Nonetheless, as one whose idea of justice leans more to the left than to the right, I have breathed a sigh of relief with the president's naming of these two nominees to fill the vacancies on the Supreme Court. The idea of two more votes cast in a block with Scalia and Thomas makes me shudder for my country. And in Roberts and Miers, by contrast, it seems reasonable to hope for a degree of fair-mindedness, compassion, and judicial flexibility over the years.
I feel that we have dodged a bullet.
Roberts and Miers seem like they might in fact be the kind of people that the rulers who nominated them pretend to be.
But let's not forget who these rulers are, and the spirit that's governed how they wield their power.
This is the same leadership who -just months ago""showed a very ugly and sadistic side in its handling of judicial nominees.
You remember: Bush resubmitted into nomination that small handful of nominees whom the Democrats had blocked in his first term because they were so extreme. The approach seemed calculated to rub the nose of the vanquished in their powerlessness. He didn't even choose to nominate people like those who'd been rejected, but rather picked the approach that would most dramatically demonstrate his dominance and most fully humiliate his opponents.
It wasn't as though this president had any real grievance about the earlier thwarting of his will: indeed, the proportion of his nominees that had been confirmed exceeded that for either of his two recent predecessors.
And this was at a moment when the American people, the pollsters said, were more polarized than they'd ever measured, and split nearly evenly in half.
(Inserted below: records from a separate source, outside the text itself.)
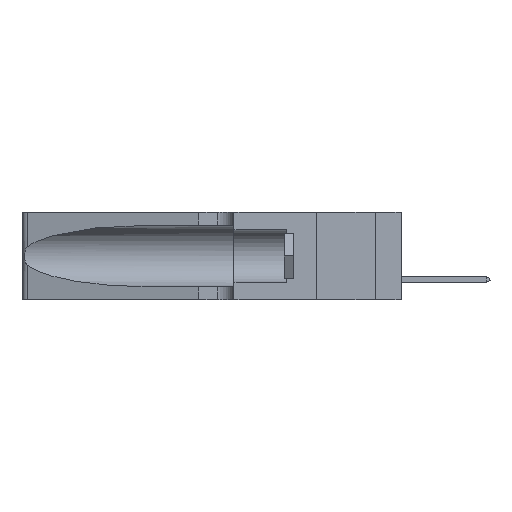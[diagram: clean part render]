
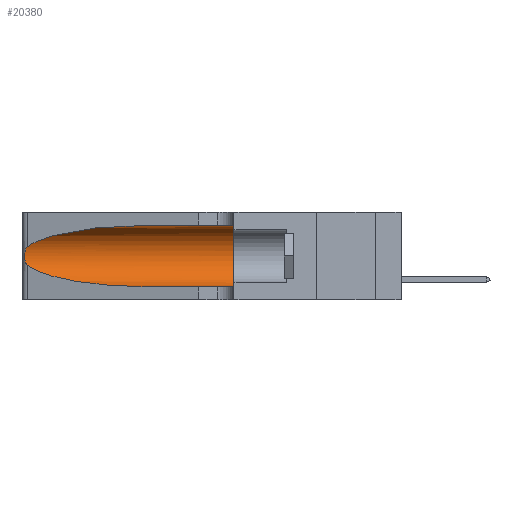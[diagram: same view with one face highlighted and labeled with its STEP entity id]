
A CAD part, left-side view. The second image highlights one B-rep face of the part: STEP entity #20380.
In plain terms, the highlighted cylindrical face has radius 3.308 mm (diameter 6.617 mm), a partial arc.
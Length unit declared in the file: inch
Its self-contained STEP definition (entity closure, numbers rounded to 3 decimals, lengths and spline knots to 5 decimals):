
#326 = DIRECTION ( 'NONE',  ( 0., -1., 0. ) ) ;
#334 = ORIENTED_EDGE ( 'NONE', *, *, #17800, .T. ) ;
#419 = CARTESIAN_POINT ( 'NONE',  ( 0.26075, 1.23896, 0.19203 ) ) ;
#565 = CARTESIAN_POINT ( 'NONE',  ( 0.25639, 1.23186, 0.15144 ) ) ;
#1306 = CARTESIAN_POINT ( 'NONE',  ( 0.1305, 0.72297, 0.31525 ) ) ;
#1899 = EDGE_CURVE ( 'NONE', #34600, #44005, #41980, .T. ) ;
#3852 = EDGE_LOOP ( 'NONE', ( #35251, #334, #13677, #14131, #32167, #5643 ) ) ;
#4461 = DIRECTION ( 'NONE',  ( 0., -1., 0. ) ) ;
#4888 = DIRECTION ( 'NONE',  ( 0., 0., 1. ) ) ;
#4912 = EDGE_CURVE ( 'NONE', #15564, #35276, #20714, .T. ) ;
#5643 = ORIENTED_EDGE ( 'NONE', *, *, #4912, .F. ) ;
#5719 = CARTESIAN_POINT ( 'NONE',  ( 0.25487, 1.22718, 0.14631 ) ) ;
#7295 = CARTESIAN_POINT ( 'NONE',  ( 0.18966, 0.96281, 0.05475 ) ) ;
#7487 = EDGE_CURVE ( 'NONE', #35276, #23246, #8809, .T. ) ;
#8809 = CIRCLE ( 'NONE', #9973, 0.13025 ) ;
#9056 = DIRECTION ( 'NONE',  ( 0., 1., 0. ) ) ;
#9284 = FACE_OUTER_BOUND ( 'NONE', #3852, .T. ) ;
#9973 = AXIS2_PLACEMENT_3D ( 'NONE', #25708, #9056, #4888 ) ;
#11184 = CARTESIAN_POINT ( 'NONE',  ( 0.1305, 0.35, 0.05475 ) ) ;
#12354 = DIRECTION ( 'NONE',  ( 0., 0., -1. ) ) ;
#12380 = LINE ( 'NONE', #15000, #36065 ) ;
#13560 = VECTOR ( 'NONE', #42159, 39.37008 ) ;
#13677 = ORIENTED_EDGE ( 'NONE', *, *, #1899, .T. ) ;
#14131 = ORIENTED_EDGE ( 'NONE', *, *, #34795, .T. ) ;
#15000 = CARTESIAN_POINT ( 'NONE',  ( 0.1305, 1.61858, 0.05475 ) ) ;
#15098 = CARTESIAN_POINT ( 'NONE',  ( 0.25789, 1.23486, 0.15765 ) ) ;
#15564 = VERTEX_POINT ( 'NONE', #1306 ) ;
#16666 = CARTESIAN_POINT ( 'NONE',  ( 0.18966, 0.96281, 0.31525 ) ) ;
#16818 = CARTESIAN_POINT ( 'NONE',  ( 0.2373, 1.15595, 0.28018 ) ) ;
#16926 = CARTESIAN_POINT ( 'NONE',  ( 0.25487, 1.22718, 0.14631 ) ) ;
#16971 = CARTESIAN_POINT ( 'NONE',  ( 0.1305, 0.72297, 0.31525 ) ) ;
#17493 = CARTESIAN_POINT ( 'NONE',  ( 0.1305, 1.61858, 0.31525 ) ) ;
#17800 = EDGE_CURVE ( 'NONE', #25145, #34600, #22196, .T. ) ;
#18459 = CARTESIAN_POINT ( 'NONE',  ( 0.26075, 1.23896, 0.178 ) ) ;
#19373 =( BOUNDED_CURVE ( )  B_SPLINE_CURVE ( 3, ( #16971, #16666, #16818, #30744 ),
 .UNSPECIFIED., .F., .T. ) 
 B_SPLINE_CURVE_WITH_KNOTS ( ( 4, 4 ),
 ( 1.5708, 2.84003 ),
 .UNSPECIFIED. ) 
 CURVE ( )  GEOMETRIC_REPRESENTATION_ITEM ( )  RATIONAL_B_SPLINE_CURVE ( ( 1., 0.87, 0.87, 1. ) ) 
 REPRESENTATION_ITEM ( '' )  );
#20380 = ADVANCED_FACE ( 'NONE', ( #9284 ), #38526, .F. ) ;
#20714 = LINE ( 'NONE', #17493, #13560 ) ;
#21237 = CARTESIAN_POINT ( 'NONE',  ( 0.2373, 1.15595, 0.08982 ) ) ;
#21725 = CARTESIAN_POINT ( 'NONE',  ( 0.26017, 1.23833, 0.17102 ) ) ;
#22196 = B_SPLINE_CURVE_WITH_KNOTS ( 'NONE', 3,
 ( #32098, #35632, #42966, #28995, #39277, #39599, #419, #18459, #21725, #29156, #15098, #565, #39764, #25264 ),
 .UNSPECIFIED., .F., .F.,
 ( 4, 2, 2, 2, 2, 2, 4 ),
 ( 0., 0.00027, 0.00053, 0.00107, 0.0016, 0.00187, 0.00214 ),
 .UNSPECIFIED. ) ;
#23002 = AXIS2_PLACEMENT_3D ( 'NONE', #39479, #4461, #12354 ) ;
#23246 = VERTEX_POINT ( 'NONE', #11184 ) ;
#25145 = VERTEX_POINT ( 'NONE', #25202 ) ;
#25202 = CARTESIAN_POINT ( 'NONE',  ( 0.25487, 1.22718, 0.22369 ) ) ;
#25264 = CARTESIAN_POINT ( 'NONE',  ( 0.25487, 1.22718, 0.14631 ) ) ;
#25708 = CARTESIAN_POINT ( 'NONE',  ( 0.1305, 0.35, 0.185 ) ) ;
#28995 = CARTESIAN_POINT ( 'NONE',  ( 0.25787, 1.23484, 0.2124 ) ) ;
#29156 = CARTESIAN_POINT ( 'NONE',  ( 0.25856, 1.23593, 0.16098 ) ) ;
#30744 = CARTESIAN_POINT ( 'NONE',  ( 0.25487, 1.22718, 0.22369 ) ) ;
#32038 = CARTESIAN_POINT ( 'NONE',  ( 0.1305, 0.72297, 0.05475 ) ) ;
#32098 = CARTESIAN_POINT ( 'NONE',  ( 0.25487, 1.22718, 0.22369 ) ) ;
#32167 = ORIENTED_EDGE ( 'NONE', *, *, #7487, .F. ) ;
#33916 = CARTESIAN_POINT ( 'NONE',  ( 0.1305, 0.72297, 0.05475 ) ) ;
#34600 = VERTEX_POINT ( 'NONE', #5719 ) ;
#34795 = EDGE_CURVE ( 'NONE', #44005, #23246, #12380, .T. ) ;
#35251 = ORIENTED_EDGE ( 'NONE', *, *, #37351, .T. ) ;
#35276 = VERTEX_POINT ( 'NONE', #39162 ) ;
#35632 = CARTESIAN_POINT ( 'NONE',  ( 0.25555, 1.22994, 0.2215 ) ) ;
#36065 = VECTOR ( 'NONE', #326, 39.37008 ) ;
#37351 = EDGE_CURVE ( 'NONE', #15564, #25145, #19373, .T. ) ;
#38526 = CYLINDRICAL_SURFACE ( 'NONE', #23002, 0.13025 ) ;
#39162 = CARTESIAN_POINT ( 'NONE',  ( 0.1305, 0.35, 0.31525 ) ) ;
#39277 = CARTESIAN_POINT ( 'NONE',  ( 0.25854, 1.2359, 0.20912 ) ) ;
#39479 = CARTESIAN_POINT ( 'NONE',  ( 0.1305, 1.61858, 0.185 ) ) ;
#39599 = CARTESIAN_POINT ( 'NONE',  ( 0.26018, 1.23835, 0.19895 ) ) ;
#39764 = CARTESIAN_POINT ( 'NONE',  ( 0.25555, 1.22993, 0.14849 ) ) ;
#41980 =( BOUNDED_CURVE ( )  B_SPLINE_CURVE ( 3, ( #16926, #21237, #7295, #32038 ),
 .UNSPECIFIED., .F., .F. ) 
 B_SPLINE_CURVE_WITH_KNOTS ( ( 4, 4 ),
 ( 3.44316, 4.71239 ),
 .UNSPECIFIED. ) 
 CURVE ( )  GEOMETRIC_REPRESENTATION_ITEM ( )  RATIONAL_B_SPLINE_CURVE ( ( 1., 0.87, 0.87, 1. ) ) 
 REPRESENTATION_ITEM ( '' )  );
#42159 = DIRECTION ( 'NONE',  ( 0., -1., 0. ) ) ;
#42966 = CARTESIAN_POINT ( 'NONE',  ( 0.25639, 1.23184, 0.21858 ) ) ;
#44005 = VERTEX_POINT ( 'NONE', #33916 ) ;

A more enlightened leadership might have thought that bringing the country together a better course for the nation than pursuing a divisive course of governing from the extreme.
But this leadership has never shown an interest in uniting us, and this president chose that moment to declare his insistence on ramming those few extremist judges down the throats of his opponents.
So why the difference now? What's changed?
What has changed, it seems clear, is their sense of their power""the one aspect of the human landscape about which they truly care.
Since those heady days of their self-declared "mandate," this ruling group has been weakened. With its chickens coming home to roost from Iraq and from the Gulf coast, with its chief partisan allies under legal scrutiny, with falling poll numbers, these bullies no longer enjoy the prospect of a fight.
Had these vacancies on the high Court occurred in the immediate aftermath of the election, one can readily imagine what kind of people they would have chosen for those seats.